SAMUEL SCHWARTZ, 84, has been a Director of the Company since August 1987, and
was Chairman of the Board from February 1993 to May 1999. In April 2001, he
accepted the position as Acting Chairman of the Board. He became Chairman in
August 2001. From 1959 to 1992, he was the Chairman and Chief Executive Officer
of Krystinel Corporation, a manufacturer of ceramic magnetic components used in
electronic circuitry. He received a B.CH.E. from Rensselaer Polytechnic
Institute in 1941 and a M.CH.E. from New York University in 1948.

DIRECTORS CONTINUING AS DIRECTORS

DR. HARVEY L. BERGER, 65, has been a Director of the Company since June 1975. He
was President of the Company from November 1981 to September 1984 and from
September 1985 until April 2001. From September 1986 to September 1988, he also
served as Treasurer. He was Vice Chairman of the Company from March 1981 to
September 1985. Dr. Berger holds a Ph.D. in physics from Rensselaer Polytechnic
Institute and is a member of the Marist College Advisory Board.

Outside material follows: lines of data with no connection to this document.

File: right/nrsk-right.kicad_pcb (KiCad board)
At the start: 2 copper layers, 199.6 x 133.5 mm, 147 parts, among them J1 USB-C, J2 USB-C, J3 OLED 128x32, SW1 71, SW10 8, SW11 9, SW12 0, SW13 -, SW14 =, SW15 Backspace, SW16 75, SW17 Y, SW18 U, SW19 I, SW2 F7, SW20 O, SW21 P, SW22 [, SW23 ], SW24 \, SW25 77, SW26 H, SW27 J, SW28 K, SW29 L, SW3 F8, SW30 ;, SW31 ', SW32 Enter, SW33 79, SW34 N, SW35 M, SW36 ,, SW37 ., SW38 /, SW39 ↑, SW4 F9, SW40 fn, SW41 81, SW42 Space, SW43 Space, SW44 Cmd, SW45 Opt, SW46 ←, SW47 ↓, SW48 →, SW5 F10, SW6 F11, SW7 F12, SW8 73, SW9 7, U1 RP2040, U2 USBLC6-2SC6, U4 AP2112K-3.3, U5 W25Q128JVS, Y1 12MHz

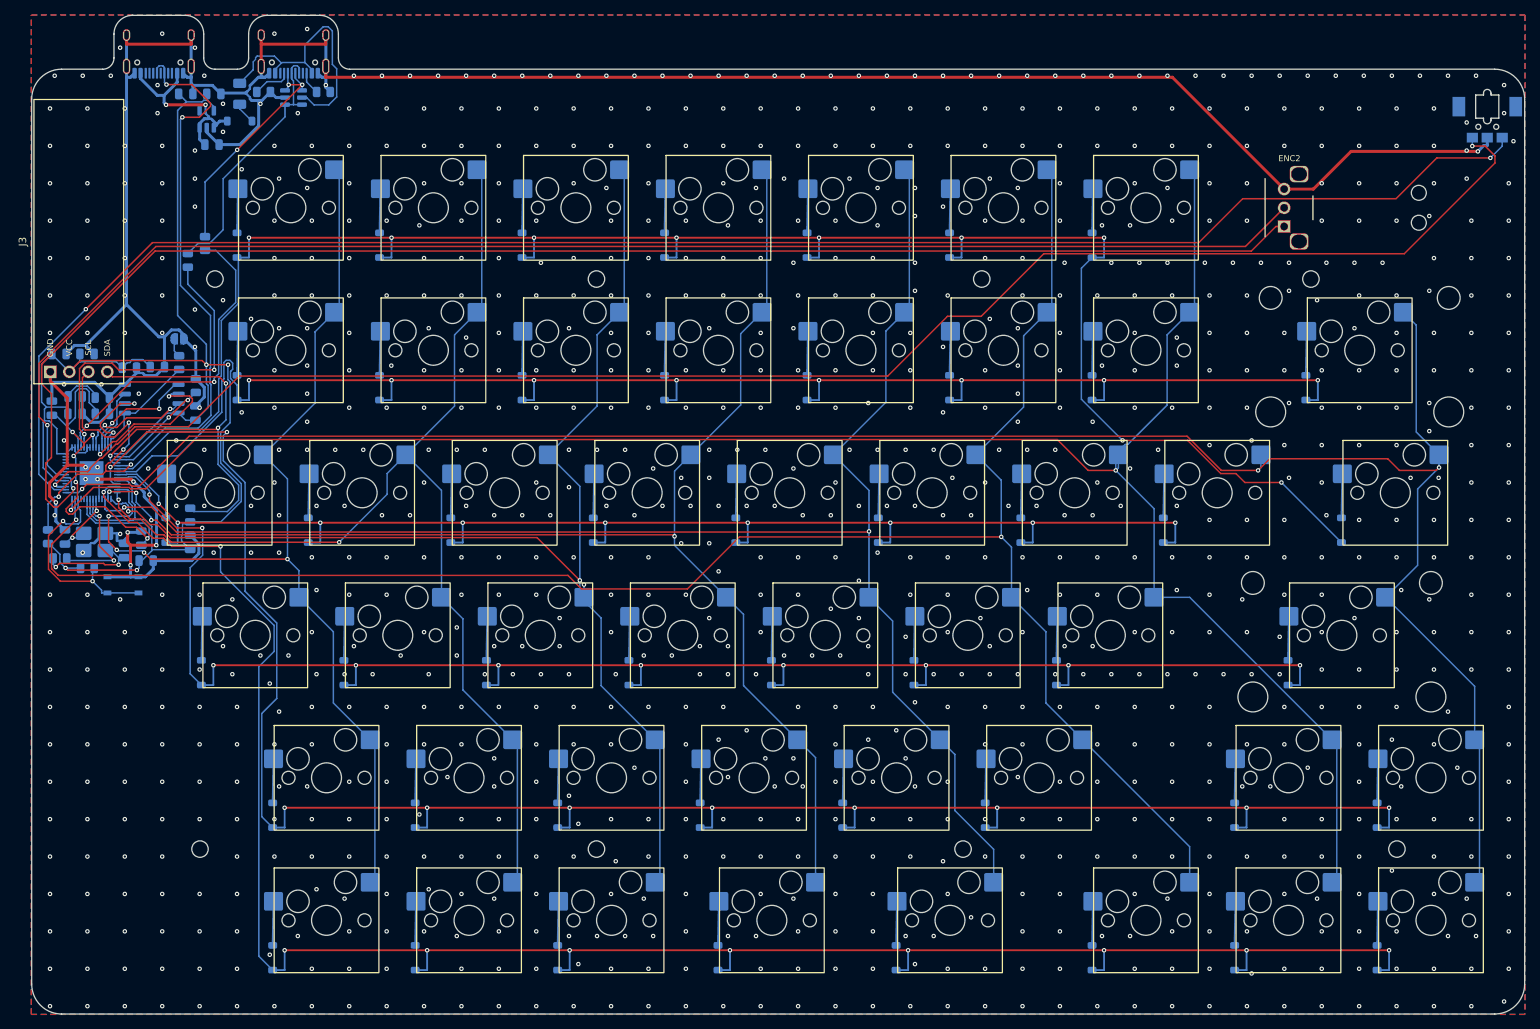
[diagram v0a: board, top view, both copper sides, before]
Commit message: Remove the blank inner key column on both halves; even plate band round the OLED cover
KLE: the unlabeled keys of the inner column go (left 8, 16, 23, 30, 37, 44; right 71, 73, 75, 77, 79, 81), so
the halves have 38 + 42 = 80 keys. The right "\" key now sits in its own row (row 2, col 7) and the remap goes;
the left's COL7 stays unconnected in the schematic.

The gap is closed: the right board moves its keys one unit in (key_shift +1 u, width -1 u). The left board is
sized from its row 0-1 keycaps: COVER_FRAME + the OLED cover (window + 5 mm each side) + COVER_FRAME, less the
case wall, so it narrows by 15.4 mm instead of a full unit.

The OLED's half-mirror cover is now laid out from the plate band round it: 3.5 mm to the case outline (top and
inner edge), to the nearest row 0-1 keycaps, and to the row-2 keycap line below, on both halves; the corner at the
case corner is concentric with it (R9), the others R2. The OLED stays at its height: its display glass, 3 mm
toward the module's top, lands at the cover's centre, and higher up the module would leave the board's rounded
corner and meet the link USB-C's shield pins. make_case checks the band against keycaps and the outline.

Sizes: boards 157.1 / 180.5 x 126.3 mm, cases 174.1 / 197.5 x 143.3 mm. The drum stays centred on Backspace.
Docs (README, ordering, pre-order checklist, drum spec coordinates) follow: 80 switches / sockets / diodes,
69 1 u keycaps, LCSC 85 switches and 90 sockets, trays fit a 220 mm bed.

Checked: ./build.sh -> left 0 unconnected (31 zero-length router stubs removed), right 0 unconnected, 0 parity
issues, ERC 0 / 0; DRC 4 silkscreen-at-board-edge warnings per side, as on main; make_case.py checks ok on both
halves (OLED band, drum dial); make_jlc: left 77, right 81 placements; textlint 0 on the edited docs.

Co-Authored-By: Claude Opus 5.5 <noreply@anthropic.com>
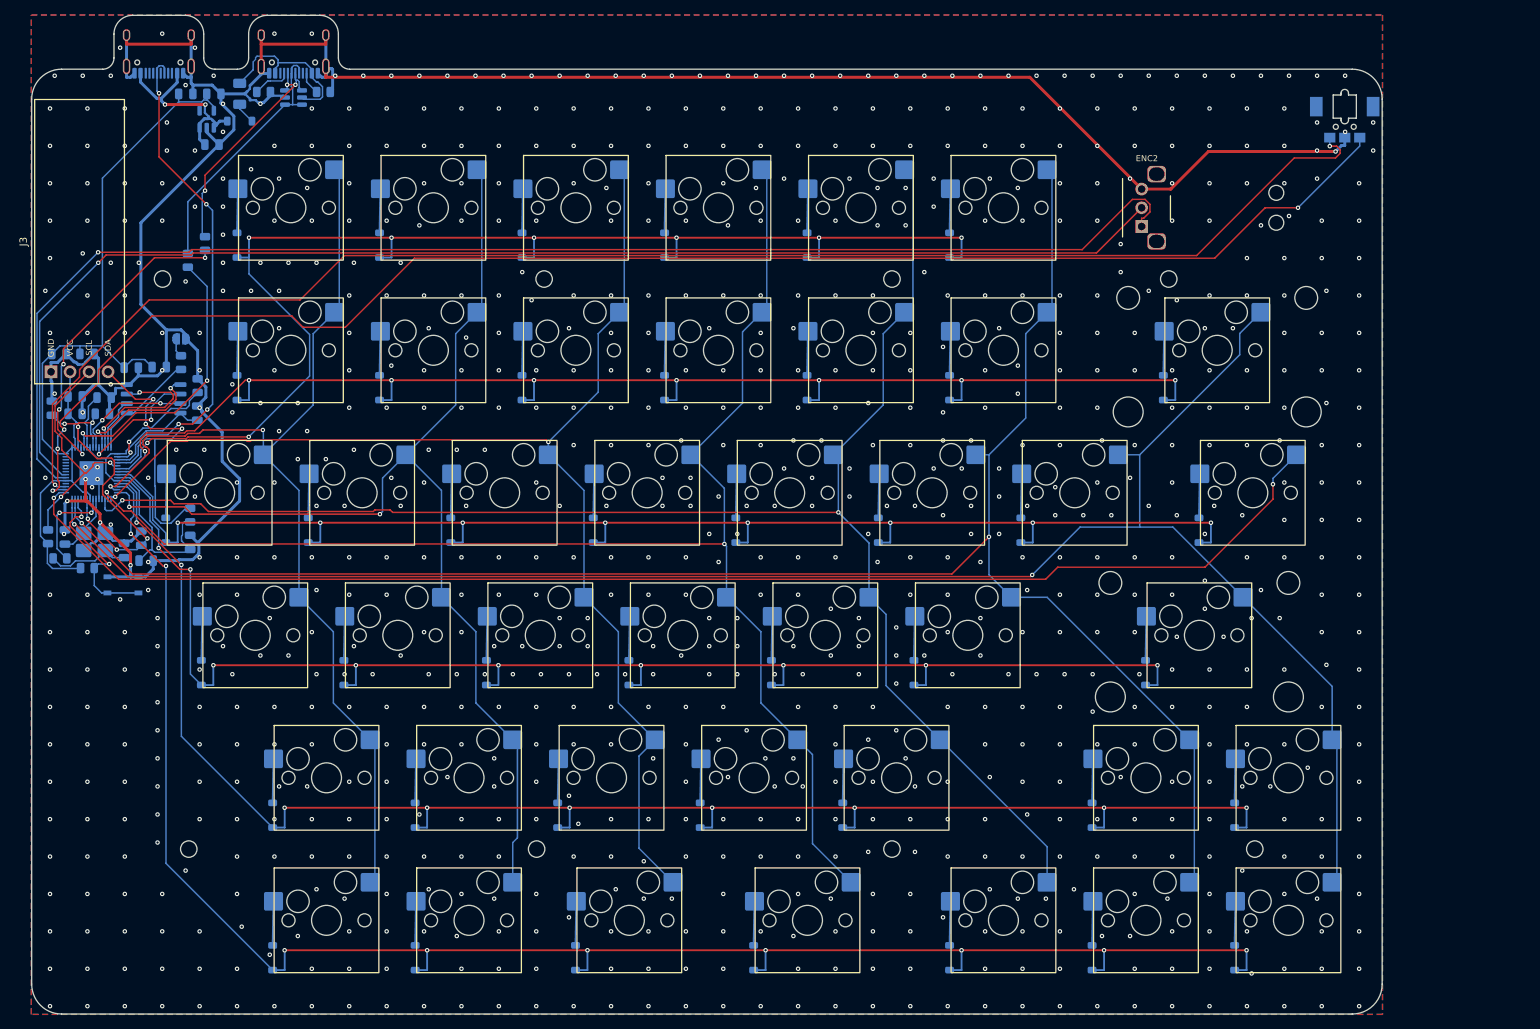
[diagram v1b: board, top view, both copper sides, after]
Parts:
- removed D43, D44, D45, D46, D47, D48: 1N4148W, Diode_SMD:D_SOD-123
- removed SW43: Space, nrsk:SW_MX_Hotswap_1.00u
- removed SW44: Cmd, nrsk:SW_MX_Hotswap_1.25u
- removed SW45: Opt, nrsk:SW_MX_Hotswap_1.25u
- removed SW46: ←, nrsk:SW_MX_Hotswap_1.00u
- removed SW47: ↓, nrsk:SW_MX_Hotswap_1.00u
- removed SW48: →, nrsk:SW_MX_Hotswap_1.00u
- SW1: value 71 -> F7
- SW10: value 8 -> 0
- SW11: value 9 -> -
- SW12: value 0 -> =
- SW13: value - -> Backspace; footprint nrsk:SW_MX_Hotswap_1.00u -> nrsk:SW_MX_Hotswap_2.00u
- SW14: value = -> Y
- SW15: value Backspace -> U; footprint nrsk:SW_MX_Hotswap_2.00u -> nrsk:SW_MX_Hotswap_1.00u
- SW16: value 75 -> I
- SW17: value Y -> O
- SW18: value U -> P
- SW19: value I -> [
- SW2: value F7 -> F8
- SW20: value O -> ]
- SW21: value P -> \; footprint nrsk:SW_MX_Hotswap_1.00u -> nrsk:SW_MX_Hotswap_1.50u
- SW22: value [ -> H
- SW23: value ] -> J
- SW24: value \ -> K; footprint nrsk:SW_MX_Hotswap_1.50u -> nrsk:SW_MX_Hotswap_1.00u
- SW25: value 77 -> L
- SW26: value H -> ;
- SW27: value J -> '
- SW28: value K -> Enter; footprint nrsk:SW_MX_Hotswap_1.00u -> nrsk:SW_MX_Hotswap_2.25u
- SW29: value L -> N
- SW3: value F8 -> F9
- SW30: value ; -> M
- SW31: value ' -> ,
- SW32: value Enter -> .; footprint nrsk:SW_MX_Hotswap_2.25u -> nrsk:SW_MX_Hotswap_1.00u
- SW33: value 79 -> /
- SW34: value N -> ↑
- SW35: value M -> fn
- SW36: value , -> Space
- SW37: value . -> Space
- SW38: value / -> Cmd; footprint nrsk:SW_MX_Hotswap_1.00u -> nrsk:SW_MX_Hotswap_1.25u
- SW39: value ↑ -> Opt; footprint nrsk:SW_MX_Hotswap_1.00u -> nrsk:SW_MX_Hotswap_1.25u
- SW4: value F9 -> F10
- SW40: value fn -> ←
- SW41: value 81 -> ↓
- SW42: value Space -> →
- SW5: value F10 -> F11
- SW6: value F11 -> F12
- SW7: value F12 -> 7
- SW8: value 73 -> 8
- SW9: value 7 -> 9
- moved SW15 134.7 mm to (71.2, 77.6)
- moved D15 134.7 mm to (64.0, 82.6)
- moved D14 125.3 mm to (44.9, 82.6)
- moved SW14 125.3 mm to (52.1, 77.6)
- moved D24 115.9 mm to (87.8, 101.7)
- moved D7 115.9 mm to (54.5, 63.6)
- moved SW24 115.9 mm to (95.0, 96.7)
- moved SW7 115.9 mm to (61.6, 58.6)
- moved D23 111.2 mm to (68.7, 101.7)
- moved SW22 111.2 mm to (56.9, 96.7)
- moved D22 111.2 mm to (49.7, 101.7)
- moved SW23 111.2 mm to (75.9, 96.7)
- moved D42 109.5 mm to (187.8, 139.8)
- moved D41 109.5 mm to (168.8, 139.8)
- moved SW41 109.5 mm to (175.9, 134.8)
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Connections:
- D14 pad 1: /ROW1 -> /ROW2
- D15 pad 1: /ROW1 -> /ROW2
- D22 pad 1: /ROW2 -> /ROW3
- D23 pad 1: /ROW2 -> /ROW3
- D24 pad 1: /ROW0 -> /ROW3
- D29 pad 1: /ROW3 -> /ROW4
- D30 pad 1: /ROW3 -> /ROW4
- D31 pad 1: /ROW3 -> /ROW4
- D32 pad 1: /ROW3 -> /ROW4
- D36 pad 1: /ROW4 -> /ROW5
- D37 pad 1: /ROW4 -> /ROW5
- D38 pad 1: /ROW4 -> /ROW5
- D39 pad 1: /ROW4 -> /ROW5
- D40 pad 1: /ROW4 -> /ROW5
- D7 pad 1: /ROW0 -> /ROW1
- SW10 pad 1: /COL2 -> /COL3
- SW11 pad 1: /COL3 -> /COL4
- SW12 pad 1: /COL4 -> /COL5
- SW13 pad 1: /COL5 -> /COL6
- SW14 pad 1: /COL6 -> /COL0
- SW15 pad 1: /COL7 -> /COL1
- SW16 pad 1: /COL0 -> /COL2
- SW17 pad 1: /COL1 -> /COL3
- SW18 pad 1: /COL2 -> /COL4
- SW19 pad 1: /COL3 -> /COL5
- SW20 pad 1: /COL4 -> /COL6
- SW21 pad 1: /COL5 -> /COL7
- SW22 pad 1: /COL6 -> /COL0
- SW23 pad 1: /COL7 -> /COL1
- SW24 pad 1: /COL7 -> /COL2
- SW25 pad 1: /COL0 -> /COL3
- SW26 pad 1: /COL1 -> /COL4
- SW27 pad 1: /COL2 -> /COL5
- SW28 pad 1: /COL3 -> /COL6
- SW29 pad 1: /COL4 -> /COL0
- SW30 pad 1: /COL5 -> /COL1
- SW31 pad 1: /COL6 -> /COL2
- SW32 pad 1: /COL7 -> /COL3
- SW33 pad 1: /COL0 -> /COL4
- SW34 pad 1: /COL1 -> /COL5
- SW35 pad 1: /COL2 -> /COL6
- SW36 pad 1: /COL3 -> /COL0
- SW37 pad 1: /COL4 -> /COL1
- SW38 pad 1: /COL5 -> /COL2
- SW39 pad 1: /COL6 -> /COL3
- SW40 pad 1: /COL7 -> /COL4
- SW41 pad 1: /COL0 -> /COL5
- SW42 pad 1: /COL1 -> /COL6
- SW7 pad 1: /COL6 -> /COL0
- SW8 pad 1: /COL0 -> /COL1
- SW9 pad 1: /COL1 -> /COL2
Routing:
- net /COL7: track 279.1 -> 182.3 mm, vias 3 -> 2
- net /ROW0: track 244.8 -> 171.4 mm, vias 9 -> 8
- net /3V3: track 225.7 -> 173.6 mm, vias 4 -> 0
- net /ROW4: track 259.5 -> 213.9 mm, vias 10 -> 9
- net GND: track 434.1 -> 399.6 mm, vias 986 -> 879
- net /ROW5: track 264.0 -> 232.9 mm, vias 10 -> 9
- net /ROW1: track 207.8 -> 178.5 mm
- net /ROW3: track 216.6 -> 190.1 mm, vias 10 -> 9
- net /ENC_A: track 228.6 -> 204.7 mm, vias 2 -> 4
- net /DRUM_A: track 200.1 -> 183.3 mm
- net /ENC_B: track 218.8 -> 202.3 mm
- net /DRUM_B: track 192.1 -> 175.8 mm
- net /VBUS: track 36.7 -> 21.8 mm
- net /SDA: track 58.6 -> 44.0 mm
- net /COL6: track 264.6 -> 251.1 mm
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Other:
- board size 199.6 x 133.5 mm -> 180.5 x 133.5 mm

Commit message: OLED cover: 5.5 mm plate band, R7 on all four corners, display centred
The half-mirror cover now has the same R7 on all four corners. The corner facing the case corner stays
concentric with the case outline (R12.5 - band), so the band keeps its width round it; that sets the band to
5.5 mm (top, inner edge, row 0-1 keycaps), up from 3.5. The left board and case widen by 4 mm; the right
board keeps its size (its cover sits in the notch above the Y key).

The cover's bottom is no longer set by the row-2 keycap line: it runs 1.5 mm past the module's header end
(COVER_END), and the OLED sits where its display glass (3 mm toward the module's top) is the cover's centre
(OLED_Y 14.95). On the right the band down to the Y keycap is therefore 2.7 mm; make_case checks the band
beside the cover (5.5) and below it (COVER_BELOW, 2.5) separately. Perimeter screws within the band + 2 mm
of the cover go, so no screw head sits next to the rounded corner (10 case screws per side).

Sizes: boards 161.1 / 180.5 x 126.3 mm, cases 178.1 / 197.5 x 143.3 mm. README describes the cover; renders
and the A / B sheet are redone (1200 px).

Checked: ./build.sh -> left 0 unconnected (one 1.2 mm DATA stub and 47 zero-length router stubs removed),
right 0 unconnected, 0 parity issues, ERC 0 / 0, DRC 4 silkscreen-at-board-edge warnings per side as on
main; make_case.py checks ok on both halves (band, drum dial); make_jlc left 77 / right 81; textlint 0.

Co-Authored-By: Claude Opus 5.5 <noreply@anthropic.com>
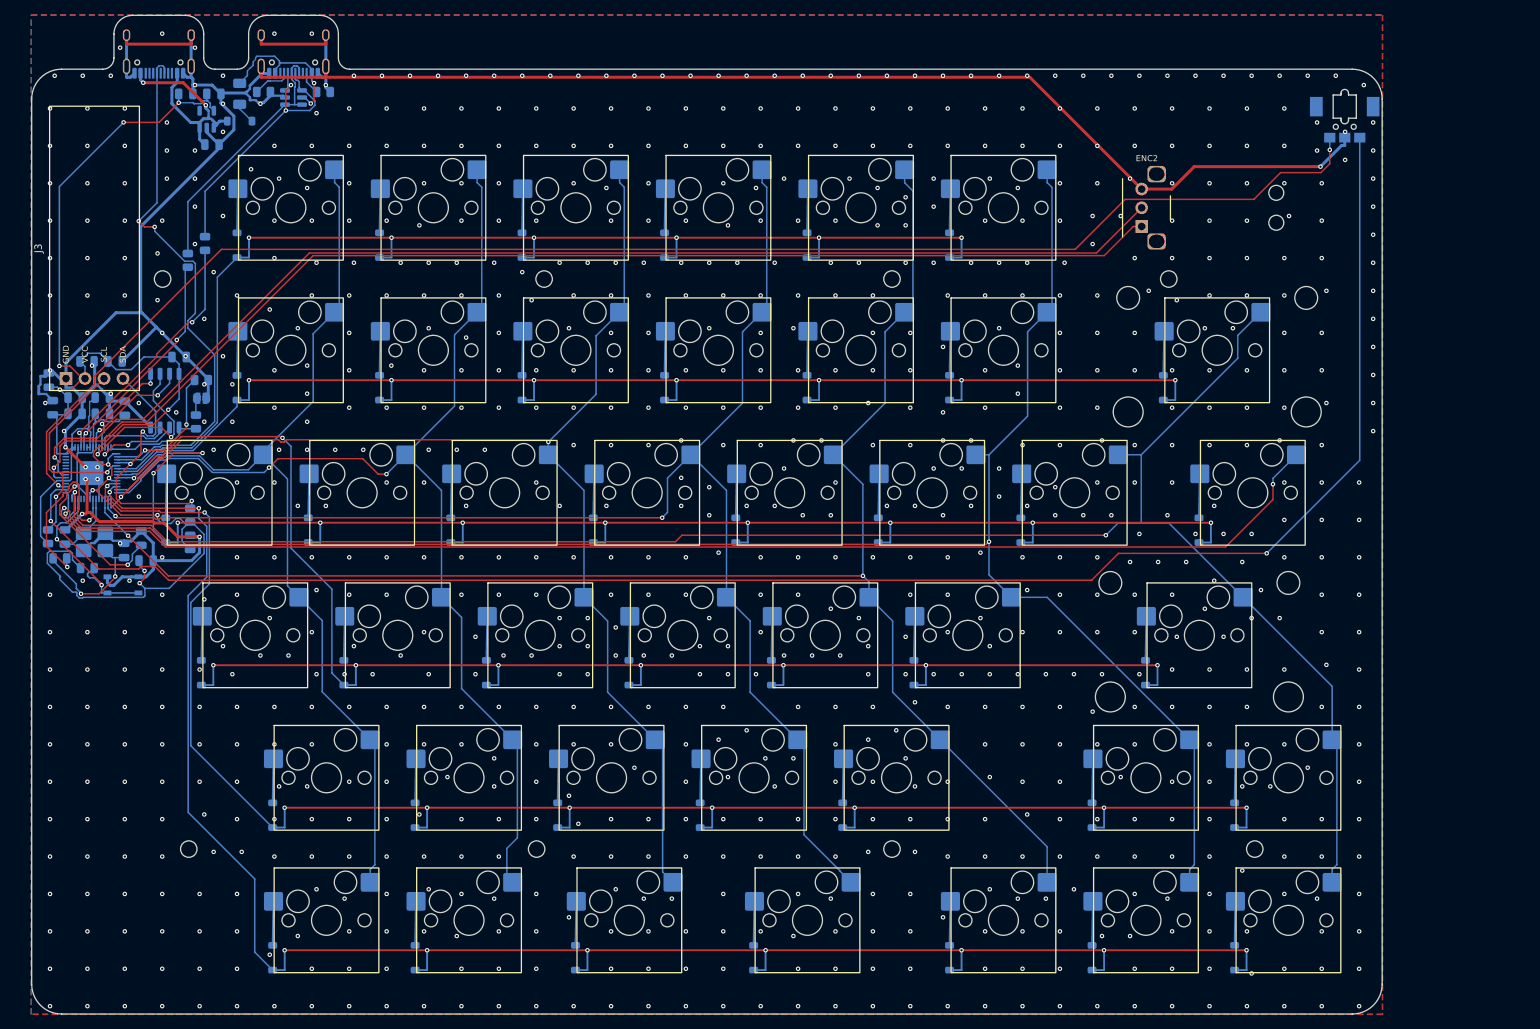
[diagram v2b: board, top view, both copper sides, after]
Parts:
- moved C14 14.9 mm to (29.3, 62.6), turned to 90 degrees
- moved C6 9.75 mm to (39.5, 66.3)
- moved C13 8.50 mm to (32.8, 64.9)
- moved JP1 8.39 mm to (49.7, 65.0)
- moved R7 8.18 mm to (49.0, 68.2)
- moved C20 7.88 mm to (46.7, 59.5), turned to 0 degrees
- moved C18 7.57 mm to (38.1, 60.1)
- moved C12 3.35 mm to (29.8, 66.2), turned to 90 degrees
- moved J3 2.19 mm to (35.4, 45.0)
- moved U5 1.52 mm to (44.8, 65.3), turned to 90 degrees
- moved C15 1.00 mm to (34.4, 60.1)
- moved R1 0.90 mm to (49.7, 62.5), turned to 0 degrees
- moved C7 0.25 mm to (36.4, 64.9)
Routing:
- net /3V3: track 173.6 -> 216.9 mm, vias 0 -> 11
- net /ENC_A: track 204.7 -> 234.1 mm, vias 4 -> 2
- net /ROW3: track 190.1 -> 216.9 mm
- net /DRUM_A: track 183.3 -> 162.8 mm
- net /ROW2: track 184.9 -> 202.4 mm, vias 8 -> 10
- net /DRUM_B: track 175.8 -> 163.1 mm
- net /XOUT: track 13.0 -> 25.2 mm
- net /ROW0: track 171.4 -> 159.8 mm, vias 8 -> 6
- net /QSPI_SD2: track 20.5 -> 9.95 mm, vias 2 -> 0
- net /ROW4: track 213.9 -> 223.3 mm
- net /1V1: track 48.6 -> 39.4 mm, vias 6 -> 2
- net /SDA: track 44.0 -> 35.1 mm
- net /D+: track 38.0 -> 29.8 mm
- net /ROW5: track 232.9 -> 240.8 mm
- net /D-: track 41.7 -> 33.8 mm, vias 4 -> 2

DR. CHRISTOPHER L. COCCIO, 63, has been a Director of the Company since June
1998. From 1964 to 1996, he held various engineering, sales, marketing and
management positions at General Electric Company, with P&L responsibilities for
up to $100 million in sales and 500 people throughout the United States. His
business experience includes both domestic and international markets and
customers. He founded a management consulting business in 1996, and worked with
the New York State Assembly's Legislative Commission on Science and Technology
from 1996 to 1998. From 1998 to 2001, he worked with Accumetrics Associates,
Inc., a manufacturer of digital wireless telemetry systems, as Vice President of
Business Development and member of the Board of Advisors. Dr. Coccio received a
B.S.M.E. from Stevens Institute of Technology, a M.S.M.E. from the University of
Colorado, and a Ph.D. from Rensselaer Polytechnic Institute in Chemical
Engineering. He was appointed President and Chief Executive Officer of Sono-Tek
on April 30, 2001.

Directors are presently paid no fee for their service as directors. Commencing
March 1, 2002, each non-employee Director is reimbursed $100 per Board of
Directors meeting they attend for travel expenses. In May 1999, the Company's
Board of Directors adopted a program to award its non-employee directors 10,000
stock options in consideration of each year of service to the Company to
commence with the 1999 election of Directors. On August 23, 2003, Donald F.
Mowbray, a non-employee director, was elected to the Board of Directors. He was
granted 20,000 stock options, exercisable at fair market value, which vest 50%
after the completion of one year of service and 50% after completion of the
second year of service. .

The Board of Directors held five meetings in the fiscal year ended February 29,
2004. Each Director attended 100% of the meetings of the Board and committee
meetings of which he was a member.


                                       2


The Board of Directors does not maintain a standing nominating committee. All
members of the Board of Directors participate in the selection of candidates for
nomination as Directors of the Company. The Board of Directors will consider
nominees recommended by shareholders; no special procedure needs to be followed
in submitting such recommendation.

The compensation of the executive officers of the Company is set by the
Company's Board of Directors based upon the recommendations of the Compensation
Committee, composed of Messrs. Schwartz and Mowbray, non-employee Directors of
the Company. The Compensation Committee met once during Fiscal Year 2004.
Compensation is set at levels believed to be competitive with executive officers
with similar qualifications, experience and responsibilities of similar
businesses. Such individuals receive a base salary and incentive compensation
based on the achievement of certain operating objectives. The Compensation
Committee serves an advisory function only.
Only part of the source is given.